Ubicada en una zona residencial de especial valor, esta vivienda ha sido concebida como un proyecto donde cada decisión responde a un criterio claro de calidad, funcionalidad y equilibrio estético. Lecumberri ha tenido la oportunidad de trabajar de la mano de un profesional de la decoración, en un proceso colaborativo en el que el cuidado por el detalle ha sido constante desde el inicio.
Nuestra intervención ha abarcado la fabricación e instalación de las ventanas, el mobiliario a medida, las puertas interiores y los revestimientos de paredes. Todos los elementos se han desarrollado específicamente para esta vivienda, buscando una integración natural con la arquitectura y el interiorismo, sin estridencias ni protagonismos innecesarios.


El nivel de exigencia de la obra requería una ejecución precisa, acabados impecables y el uso de materiales cuidadosamente seleccionados. En este tipo de proyectos, la carpintería no se limita a cumplir una función: define la experiencia del espacio, su continuidad visual y su forma de habitar.
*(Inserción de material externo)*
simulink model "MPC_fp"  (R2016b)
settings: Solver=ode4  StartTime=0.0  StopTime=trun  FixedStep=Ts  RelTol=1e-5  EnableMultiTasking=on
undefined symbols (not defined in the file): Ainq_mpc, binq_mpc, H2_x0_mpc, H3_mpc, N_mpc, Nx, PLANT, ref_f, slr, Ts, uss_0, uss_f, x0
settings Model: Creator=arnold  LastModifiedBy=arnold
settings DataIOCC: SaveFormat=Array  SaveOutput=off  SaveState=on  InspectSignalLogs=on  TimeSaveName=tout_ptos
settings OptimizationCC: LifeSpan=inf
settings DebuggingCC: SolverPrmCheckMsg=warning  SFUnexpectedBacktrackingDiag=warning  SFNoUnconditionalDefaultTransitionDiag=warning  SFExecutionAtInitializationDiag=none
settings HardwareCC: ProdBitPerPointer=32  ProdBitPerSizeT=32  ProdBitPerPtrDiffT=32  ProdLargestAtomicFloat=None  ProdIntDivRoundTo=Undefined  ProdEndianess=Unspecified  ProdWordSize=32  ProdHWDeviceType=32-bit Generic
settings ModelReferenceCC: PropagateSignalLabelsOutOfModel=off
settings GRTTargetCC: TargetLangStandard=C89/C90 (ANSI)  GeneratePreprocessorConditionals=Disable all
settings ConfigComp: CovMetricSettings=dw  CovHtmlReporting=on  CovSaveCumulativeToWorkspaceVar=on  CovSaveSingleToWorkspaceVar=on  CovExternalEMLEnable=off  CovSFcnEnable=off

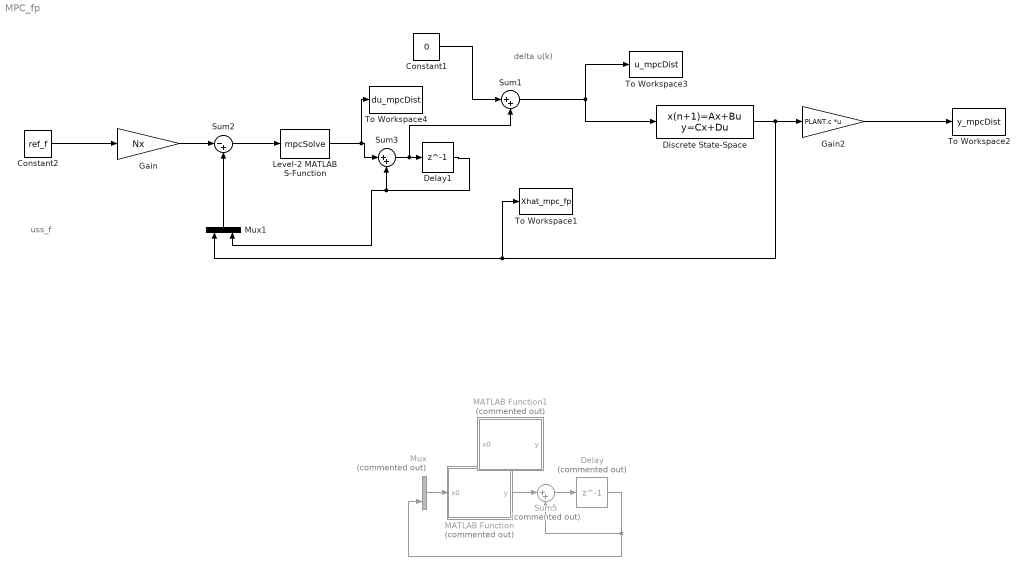
== system MPC_fp ==
  note: uss_f
  note: delta u(k)
  Constant1 : Constant  Value=0
  Constant2 : Constant  Value=ref_f
  Delay : Delay  Commented=on  DelayLength=1  InitialCondition=uss_0-uss_f  SampleTime=Ts
  Delay1 : Delay  DelayLength=1  InitialCondition=uss_0  SampleTime=Ts
  Discrete State-Space : DiscreteStateSpace  A=PLANT.a  B=PLANT.b  C=eye(size(PLANT.b,1))  D=zeros(size(PLANT.b,1),1)  X0=x0  SampleTime=Ts
  Gain : Gain  Gain=Nx
  Gain2 : Gain  Gain=PLANT.c  Multiplication=Matrix(K*u)
  Level-2 MATLAB S-Function : M-S-Function  FunctionName=mpcSolve  Parameters=mpcProb1
  MATLAB Function : MATLAB Function  Commented=on  TreatAsAtomicUnit=on
  MATLAB Function1 : MATLAB Function  Commented=on  TreatAsAtomicUnit=on
  Mux : Mux  Commented=on  Inputs=2
  Mux1 : Mux  Inputs=2
  Sum1 : Sum  Inputs=|++
  Sum2 : Sum  Inputs=|-+
  Sum3 : Sum  Inputs=|++
  Sum5 : Sum  Commented=on  Inputs=|++
  To Workspace1 : ToWorkspace  VariableName=Xhat_mpc_fp  SaveFormat=Timeseries  SampleTime=-1
      settings: Save2DSignal=2-D array (concatenate along first dimension)
  To Workspace2 : ToWorkspace  VariableName=y_mpcDist  SaveFormat=Timeseries  SampleTime=-1
      settings: Save2DSignal=2-D array (concatenate along first dimension)
  To Workspace3 : ToWorkspace  VariableName=u_mpcDist  SaveFormat=Timeseries  SampleTime=-1
      settings: Save2DSignal=2-D array (concatenate along first dimension)
  To Workspace4 : ToWorkspace  VariableName=du_mpcDist  SaveFormat=Timeseries  SampleTime=-1
      settings: Save2DSignal=2-D array (concatenate along first dimension)
  wires:
  Gain/1 -> Sum2/1
  Sum1/1 -> Discrete State-Space/1, To Workspace3/1
  Discrete State-Space/1 -> Mux1/1, To Workspace1/1, Gain2/1
  Gain2/1 -> To Workspace2/1
  Mux/1 -> MATLAB Function/1(x0)
  Delay/1 -> Mux/2, Sum5/2
  Sum5/1 -> Delay/1
  MATLAB Function/1(y) -> Sum5/1
  Sum2/1 -> Level-2 MATLAB S-Function/1
  Delay1/1 -> Mux1/2, Sum3/2
  Sum3/1 -> Sum1/2, Delay1/1
  Constant2/1 -> Gain/1
  Mux1/1 -> Sum2/2
  Level-2 MATLAB S-Function/1 -> To Workspace4/1, Sum3/1
  Constant1/1 -> Sum1/1

== matlab function MPC_fp/MATLAB Function1 ==
  data: x0 input size=Ns_mpc; y output; H3_mpc parameter; H2_x0_mpc parameter; Ainq_mpc parameter; binq_mpc parameter; N_mpc parameter; slr parameter
function y = fcn(x0, H3_mpc, H2_x0_mpc, Ainq_mpc, binq_mpc, N_mpc, slr)
coder.extrinsic('keyboard');
coder.extrinsic('lqrMPCSolve');

assert(N_mpc<128)
% H2 = 2*x0'*G'*W1*H - 2*Req'*W1*H - 2*Ueq'*W2;
% x_0 = [uk_m1; x0];
H2_mpc = (H2_x0_mpc*x0);

% Ainq_mpc = [1, zeros(1,N_mpc-1);
%             -1, zeros(1,N_mpc-1);
%             Ainq_mpc];
% binq_mpc = [slr+uk_m1;
%             slr-uk_m1;
%             binq_mpc];
        
u = zeros(N_mpc,1);
u = lqrMPCSolve(H3_mpc, H2_mpc, Ainq_mpc, binq_mpc);
% keyboard



y = u(1);

== matlab function MPC_fp/MATLAB Function ==
  data: x0 input size=Ns_recyc; y output; H3_mpc parameter; H2_x0_mpc parameter; Ainq_mpc parameter; binq_mpc parameter; N_mpc parameter
function y = fcn(x0, H3_mpc, H2_x0_mpc, Ainq_mpc, binq_mpc, N_mpc)
coder.extrinsic('keyboard');
coder.extrinsic('lqrMPCSolve');

assert(N_mpc<128)
% H2 = 2*x0'*G'*W1*H - 2*Req'*W1*H - 2*Ueq'*W2;
H2_mpc = (H2_x0_mpc*x0);


u = zeros(N_mpc,1);
u = lqrMPCSolve(H3_mpc, H2_mpc, Ainq_mpc, binq_mpc);
% keyboard



y = u(1);
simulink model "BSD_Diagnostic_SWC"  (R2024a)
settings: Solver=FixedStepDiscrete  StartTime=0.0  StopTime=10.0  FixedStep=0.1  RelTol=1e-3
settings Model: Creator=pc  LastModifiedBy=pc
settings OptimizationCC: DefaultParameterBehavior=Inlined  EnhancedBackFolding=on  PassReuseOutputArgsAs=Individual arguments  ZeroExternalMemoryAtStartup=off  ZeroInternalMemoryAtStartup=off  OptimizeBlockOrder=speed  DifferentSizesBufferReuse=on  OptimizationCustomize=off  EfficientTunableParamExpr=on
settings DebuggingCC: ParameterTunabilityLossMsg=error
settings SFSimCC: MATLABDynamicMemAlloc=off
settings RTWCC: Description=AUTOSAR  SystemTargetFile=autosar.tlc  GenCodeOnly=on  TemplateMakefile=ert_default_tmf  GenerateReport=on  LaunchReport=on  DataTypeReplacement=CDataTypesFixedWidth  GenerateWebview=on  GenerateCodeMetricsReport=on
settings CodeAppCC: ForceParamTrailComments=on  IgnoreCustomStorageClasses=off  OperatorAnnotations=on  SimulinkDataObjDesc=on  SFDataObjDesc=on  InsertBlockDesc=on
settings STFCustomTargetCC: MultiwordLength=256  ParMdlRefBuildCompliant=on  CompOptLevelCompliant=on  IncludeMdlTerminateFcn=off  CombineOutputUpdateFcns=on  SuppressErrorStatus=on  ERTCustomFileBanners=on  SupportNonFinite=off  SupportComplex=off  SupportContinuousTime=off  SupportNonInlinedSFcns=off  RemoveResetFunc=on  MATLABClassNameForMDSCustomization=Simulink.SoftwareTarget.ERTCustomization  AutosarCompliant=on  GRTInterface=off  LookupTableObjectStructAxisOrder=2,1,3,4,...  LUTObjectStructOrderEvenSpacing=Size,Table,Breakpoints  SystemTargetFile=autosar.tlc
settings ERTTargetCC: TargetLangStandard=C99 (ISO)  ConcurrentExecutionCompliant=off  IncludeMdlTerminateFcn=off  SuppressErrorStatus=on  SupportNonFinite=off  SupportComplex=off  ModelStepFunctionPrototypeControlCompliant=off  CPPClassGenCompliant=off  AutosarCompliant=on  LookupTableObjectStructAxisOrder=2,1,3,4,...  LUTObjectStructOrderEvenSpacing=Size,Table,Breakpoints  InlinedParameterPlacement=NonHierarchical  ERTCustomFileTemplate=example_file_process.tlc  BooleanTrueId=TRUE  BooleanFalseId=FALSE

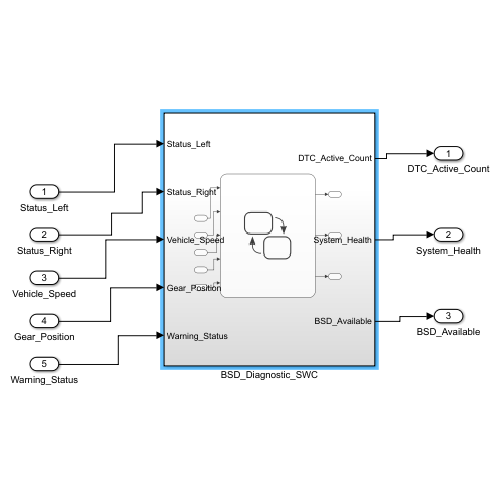
[thumbnail: Simulink's stored preview of the top-level diagram]
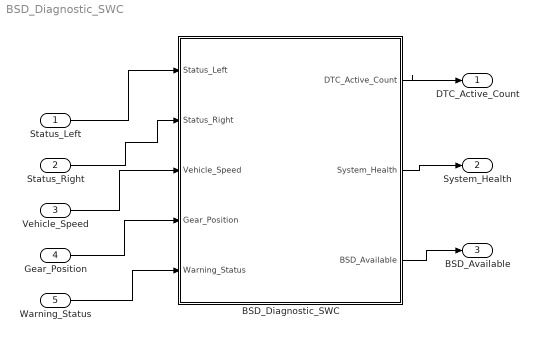
== system BSD_Diagnostic_SWC ==
  Status_Left : Inport  OutDataTypeStr=uint8
  Status_Right : Inport  Port=2  OutDataTypeStr=uint8
  Vehicle_Speed : Inport  Port=3  OutDataTypeStr=single
  Gear_Position : Inport  Port=4  OutDataTypeStr=uint8
  Warning_Status : Inport  Port=5  OutDataTypeStr=uint8
  BSD_Diagnostic_SWC : Subsystem
  DTC_Active_Count : Outport  OutDataTypeStr=uint8
  System_Health : Outport  Port=2  OutDataTypeStr=uint8
  BSD_Available : Outport  Port=3  OutDataTypeStr=uint8
  wires:
  Status_Left/1 -> BSD_Diagnostic_SWC/1(Status_Left)
  Status_Right/1 -> BSD_Diagnostic_SWC/2(Status_Right)
  Vehicle_Speed/1 -> BSD_Diagnostic_SWC/3(Vehicle_Speed)
  Gear_Position/1 -> BSD_Diagnostic_SWC/4(Gear_Position)
  Warning_Status/1 -> BSD_Diagnostic_SWC/5(Warning_Status)
  BSD_Diagnostic_SWC/1(DTC_Active_Count) -> DTC_Active_Count/1
  BSD_Diagnostic_SWC/3(BSD_Available) -> BSD_Available/1
  BSD_Diagnostic_SWC/2(System_Health) -> System_Health/1

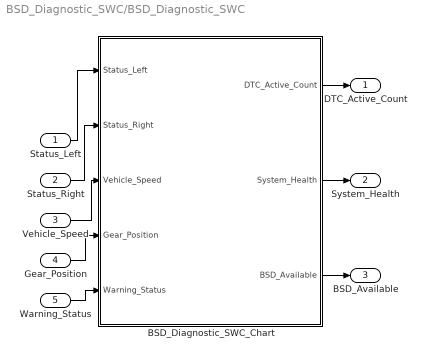
== system BSD_Diagnostic_SWC/BSD_Diagnostic_SWC ==
  Status_Left : Inport
  Status_Right : Inport  Port=2
  Vehicle_Speed : Inport  Port=3
  Gear_Position : Inport  Port=4
  Warning_Status : Inport  Port=5
  BSD_Diagnostic_SWC_Chart : Stateflow chart  TreatAsAtomicUnit=on
      settings: PortSchema="{\"entries\":[{\"content\":{\"sides\":[{\"content\":{\"connectorIds\":[\"In1\",\"In2\",\"In3\",\"In5\",\"In4\"]},\"type\":\"ConnectorPlacement.EquallySpacedRectSide\",\"uuid\":\"c698d591-9237-4f9d-ac39-13ac35c06135\"},{\"content\":{\"connectorIds\":[\"Out1\",\"Out2\",\"Out3\"],\"side\":\"RIGHT\"},\"type\":\"ConnectorPlacement.EquallySpacedRectSide\",\"uuid\":\"e3273571-067e-4dde-a9ad-d8fc7d6bc43a\"},{\"content\":{\"side\":\"TOP\"},\"type\":\"ConnectorPlacement.EquallySpacedRectSide\",\"uuid\":\"59a8224d-d599-4a56-a48e-1dbd2f775c83\"}]},\"type\":\"ConnectorPlacement.EquallySpacedConnector\",\"uuid\":\"096dcc20-cc3f-45af-83ae-7f2277698854\"}],\"packageUris\":[\"http://schema.mathworks.com/mf0/Connector/R2020b\"],\"version\":\"1.0\"}"
  DTC_Active_Count : Outport
  System_Health : Outport  Port=2
  BSD_Available : Outport  Port=3
  wires:
  BSD_Diagnostic_SWC_Chart/1(DTC_Active_Count) -> DTC_Active_Count/1
  BSD_Diagnostic_SWC_Chart/2(System_Health) -> System_Health/1
  BSD_Diagnostic_SWC_Chart/3(BSD_Available) -> BSD_Available/1
  Status_Left/1 -> BSD_Diagnostic_SWC_Chart/1(Status_Left)
  Status_Right/1 -> BSD_Diagnostic_SWC_Chart/2(Status_Right)
  Vehicle_Speed/1 -> BSD_Diagnostic_SWC_Chart/3(Vehicle_Speed)
  Gear_Position/1 -> BSD_Diagnostic_SWC_Chart/5(Gear_Position)
  Warning_Status/1 -> BSD_Diagnostic_SWC_Chart/4(Warning_Status)

== stateflow chart BSD_Diagnostic_SWC/BSD_Diagnostic_SWC_Chart ==
  state SYSTEM_DEGRADED
    entry:
    System_Health = uint8(1);
    BSD_Available = uint8(1);
    during:
    %% ── Debounce Left Sensor ── (replace existing logic)
    if Status_Left ~= uint8(0)          % covers FAIL + BLOCKED + DEGRADED
    Counter_L = Counter_L + uint8(1);
    else
    Counter_L    = uint8(0);
    DTC_L_Active = uint8(0);
    DTC_L_Type   = uint8(0);
    end
    if Counter_L >= uint8(5)
    DTC_L_Active = uint8(1);
    %% Specific DTC type based on status
    if Status_Left == uint8(1)
    DTC_L_Type = uint8(1);       % FAIL
    elseif Status_Left == uint8(2)
    DTC_L_Type = uint8(2);       % BLOCKED
    else
    DTC_L_Type = uint8(3);       % DEGRADED
    end
    Counter_L = uint8(5);
    end
    %% ── Same for Right ──
    if Status_Right ~= uint8(0)
    Counter_R = Counter_R + uint8(1);
    else
    Counter_R    = uint8(0);
    DTC_R_Active = uint8(0);
    DTC_R_Type   = uint8(0);
    end
    if Counter_R >= uint8(5)
    DTC_R_Active = uint8(1);
    %% ── ADD THIS BLOCK ──
    if Status_Right == uint8(1)
    DTC_R_Type = uint8(1);       % FAIL
    elseif Status_Right == uint8(2)
    DTC_R_Type = uint8(2);       % BLOCKED
    else
    DTC_R_Type = uint8(3);       % DEGRADED
    end
    Counter_R = uint8(5);
    end
    %% ── Debounce Speed Signal ──
    if Vehicle_Speed <= single(0.5) && Gear_Position == uint8(3)
    Counter_Speed = Counter_Speed + uint8(1);
    else
    Counter_Speed    = uint8(0);
    DTC_Speed_Active = uint8(0);
    end
    if Counter_Speed >= uint8(10)     % 10 cycles × 100ms = 1 sec
    DTC_Speed_Active = uint8(1);
    Counter_Speed    = uint8(10);
    end
    %% ── DTC_SYSTEM_DEGRADED Detection ──
    %% Triggered when: warning active BUT sensor is degraded quality
    if (Warning_Status > uint8(0)) && (Status_Left == uint8(3) || Status_Right == uint8(3))
    DTC_Degraded_Active = uint8(1);
    else
    DTC_Degraded_Active = uint8(0);
    end
    %% ── Count Active DTCs ──
    DTC_Active_Count = DTC_L_Active + DTC_R_Active +  DTC_Speed_Active + DTC_Degraded_Active;
  state SYSTEM_OK
    entry:
    System_Health    = uint8(0);
    BSD_Available    = uint8(1);
    during:
    %% ── Debounce Left Sensor ── (replace existing logic)
    if Status_Left ~= uint8(0)          % covers FAIL + BLOCKED + DEGRADED
    Counter_L = Counter_L + uint8(1);
    else
    Counter_L    = uint8(0);
    DTC_L_Active = uint8(0);
    DTC_L_Type   = uint8(0);
    end
    if Counter_L >= uint8(5)
    DTC_L_Active = uint8(1);
    %% Specific DTC type based on status
    if Status_Left == uint8(1)
    DTC_L_Type = uint8(1);       % FAIL
    elseif Status_Left == uint8(2)
    DTC_L_Type = uint8(2);       % BLOCKED
    else
    DTC_L_Type = uint8(3);       % DEGRADED
    end
    Counter_L = uint8(5);
    end
    %% ── Same for Right ──
    if Status_Right ~= uint8(0)
    Counter_R = Counter_R + uint8(1);
    else
    Counter_R    = uint8(0);
    DTC_R_Active = uint8(0);
    DTC_R_Type   = uint8(0);
    end
    if Counter_R >= uint8(5)
    DTC_R_Active = uint8(1);
    %% ── ADD THIS BLOCK ──
    if Status_Right == uint8(1)
    DTC_R_Type = uint8(1);       % FAIL
    elseif Status_Right == uint8(2)
    DTC_R_Type = uint8(2);       % BLOCKED
    else
    DTC_R_Type = uint8(3);       % DEGRADED
    end
    Counter_R = uint8(5);
    end
    %% ── Debounce Speed Signal ──
    if Vehicle_Speed <= single(0.5) && Gear_Position == uint8(3)
    Counter_Speed = Counter_Speed + uint8(1);
    else
    Counter_Speed    = uint8(0);
    DTC_Speed_Active = uint8(0);
    end
    if Counter_Speed >= uint8(10)     % 10 cycles × 100ms = 1 sec
    DTC_Speed_Active = uint8(1);
    Counter_Speed    = uint8(10);
    end
    %% ── DTC_SYSTEM_DEGRADED Detection ──
    %% Triggered when: warning active BUT sensor is degraded quality
    if (Warning_Status > uint8(0)) && (Status_Left == uint8(3) || Status_Right == uint8(3))
    DTC_Degraded_Active = uint8(1);
    else
    DTC_Degraded_Active = uint8(0);
    end
    %% ── Count Active DTCs ──
    DTC_Active_Count = DTC_L_Active + DTC_R_Active +  DTC_Speed_Active + DTC_Degraded_Active;
  state SYSTEM_FAIL
    entry:
    System_Health = uint8(2);
    BSD_Available = uint8(0);
    during:
    %% ── Debounce Left Sensor ── (replace existing logic)
    if Status_Left ~= uint8(0)          % covers FAIL + BLOCKED + DEGRADED
    Counter_L = Counter_L + uint8(1);
    else
    Counter_L    = uint8(0);
    DTC_L_Active = uint8(0);
    DTC_L_Type   = uint8(0);
    end
    if Counter_L >= uint8(5)
    DTC_L_Active = uint8(1);
    %% Specific DTC type based on status
    if Status_Left == uint8(1)
    DTC_L_Type = uint8(1);       % FAIL
    elseif Status_Left == uint8(2)
    DTC_L_Type = uint8(2);       % BLOCKED
    else
    DTC_L_Type = uint8(3);       % DEGRADED
    end
    Counter_L = uint8(5);
    end
    %% ── Same for Right ──
    if Status_Right ~= uint8(0)
    Counter_R = Counter_R + uint8(1);
    else
    Counter_R    = uint8(0);
    DTC_R_Active = uint8(0);
    DTC_R_Type   = uint8(0);
    end
    if Counter_R >= uint8(5)
    DTC_R_Active = uint8(1);
    %% ── ADD THIS BLOCK ──
    if Status_Right == uint8(1)
    DTC_R_Type = uint8(1);       % FAIL
    elseif Status_Right == uint8(2)
    DTC_R_Type = uint8(2);       % BLOCKED
    else
    DTC_R_Type = uint8(3);       % DEGRADED
    end
    Counter_R = uint8(5);
    end
    %% ── Debounce Speed Signal ──
    if Vehicle_Speed <= single(0.5) && Gear_Position == uint8(3)
    Counter_Speed = Counter_Speed + uint8(1);
    else
    Counter_Speed    = uint8(0);
    DTC_Speed_Active = uint8(0);
    end
    if Counter_Speed >= uint8(10)     % 10 cycles × 100ms = 1 sec
    DTC_Speed_Active = uint8(1);
    Counter_Speed    = uint8(10);
    end
    %% ── DTC_SYSTEM_DEGRADED Detection ──
    %% Triggered when: warning active BUT sensor is degraded quality
    if (Warning_Status > uint8(0)) && (Status_Left == uint8(3) || Status_Right == uint8(3))
    DTC_Degraded_Active = uint8(1);
    else
    DTC_Degraded_Active = uint8(0);
    end
    %% ── Count Active DTCs ──
    DTC_Active_Count = DTC_L_Active + DTC_R_Active +  DTC_Speed_Active + DTC_Degraded_Active;
  (default) -> SYSTEM_OK
  SYSTEM_OK -> SYSTEM_DEGRADED [order 1] : [DTC_Active_Count > uint8(0) &&  ~(DTC_L_Active == uint8(1) && DTC_R_Active == uint8(1))]
  SYSTEM_DEGRADED -> SYSTEM_OK [order 1] : [DTC_Active_Count == uint8(0)]
  SYSTEM_FAIL -> SYSTEM_OK [order 1] : [DTC_Active_Count == uint8(0)]
  SYSTEM_OK -> SYSTEM_FAIL [order 2] : [DTC_L_Active == uint8(1) && DTC_R_Active == uint8(1)]
  SYSTEM_FAIL -> SYSTEM_DEGRADED [order 2] : [DTC_Active_Count > uint8(0) &&  ~(DTC_L_Active == uint8(1) && DTC_R_Active == uint8(1))]
  SYSTEM_DEGRADED -> SYSTEM_FAIL [order 2] : [DTC_L_Active == uint8(1) && DTC_R_Active == uint8(1)]
  data: DTC_Active_Count output uint8 =0; System_Health output uint8 =0; BSD_Available output uint8 =1; Status_Left input uint8; Status_Right input uint8; Vehicle_Speed input single; Warning_Status input uint8; Gear_Position input uint8; Counter_L local uint8 =0; Counter_R local uint8 =0; Counter_Speed local uint8 =0; DTC_L_Active local uint8 =0; DTC_R_Active local uint8 =0; DTC_Speed_Active local uint8 =0; DTC_L_Type local uint8 =0; DTC_R_Type local uint8 =0; DTC_Degraded_Active local uint8 =0

El resultado es un conjunto sereno y coherente, donde cada pieza encaja con naturalidad y el paso del tiempo juega a favor del proyecto. Un ejemplo de cómo la carpintería de madera, cuando se ejecuta con criterio y conocimiento, aporta valor real y duradero.


Este trabajo demuestra que los mejores resultados solo son posibles cuando distintos profesionales del sector trabajan de forma coordinada, compartiendo una misma visión y sumando experiencia, técnica y sensibilidad.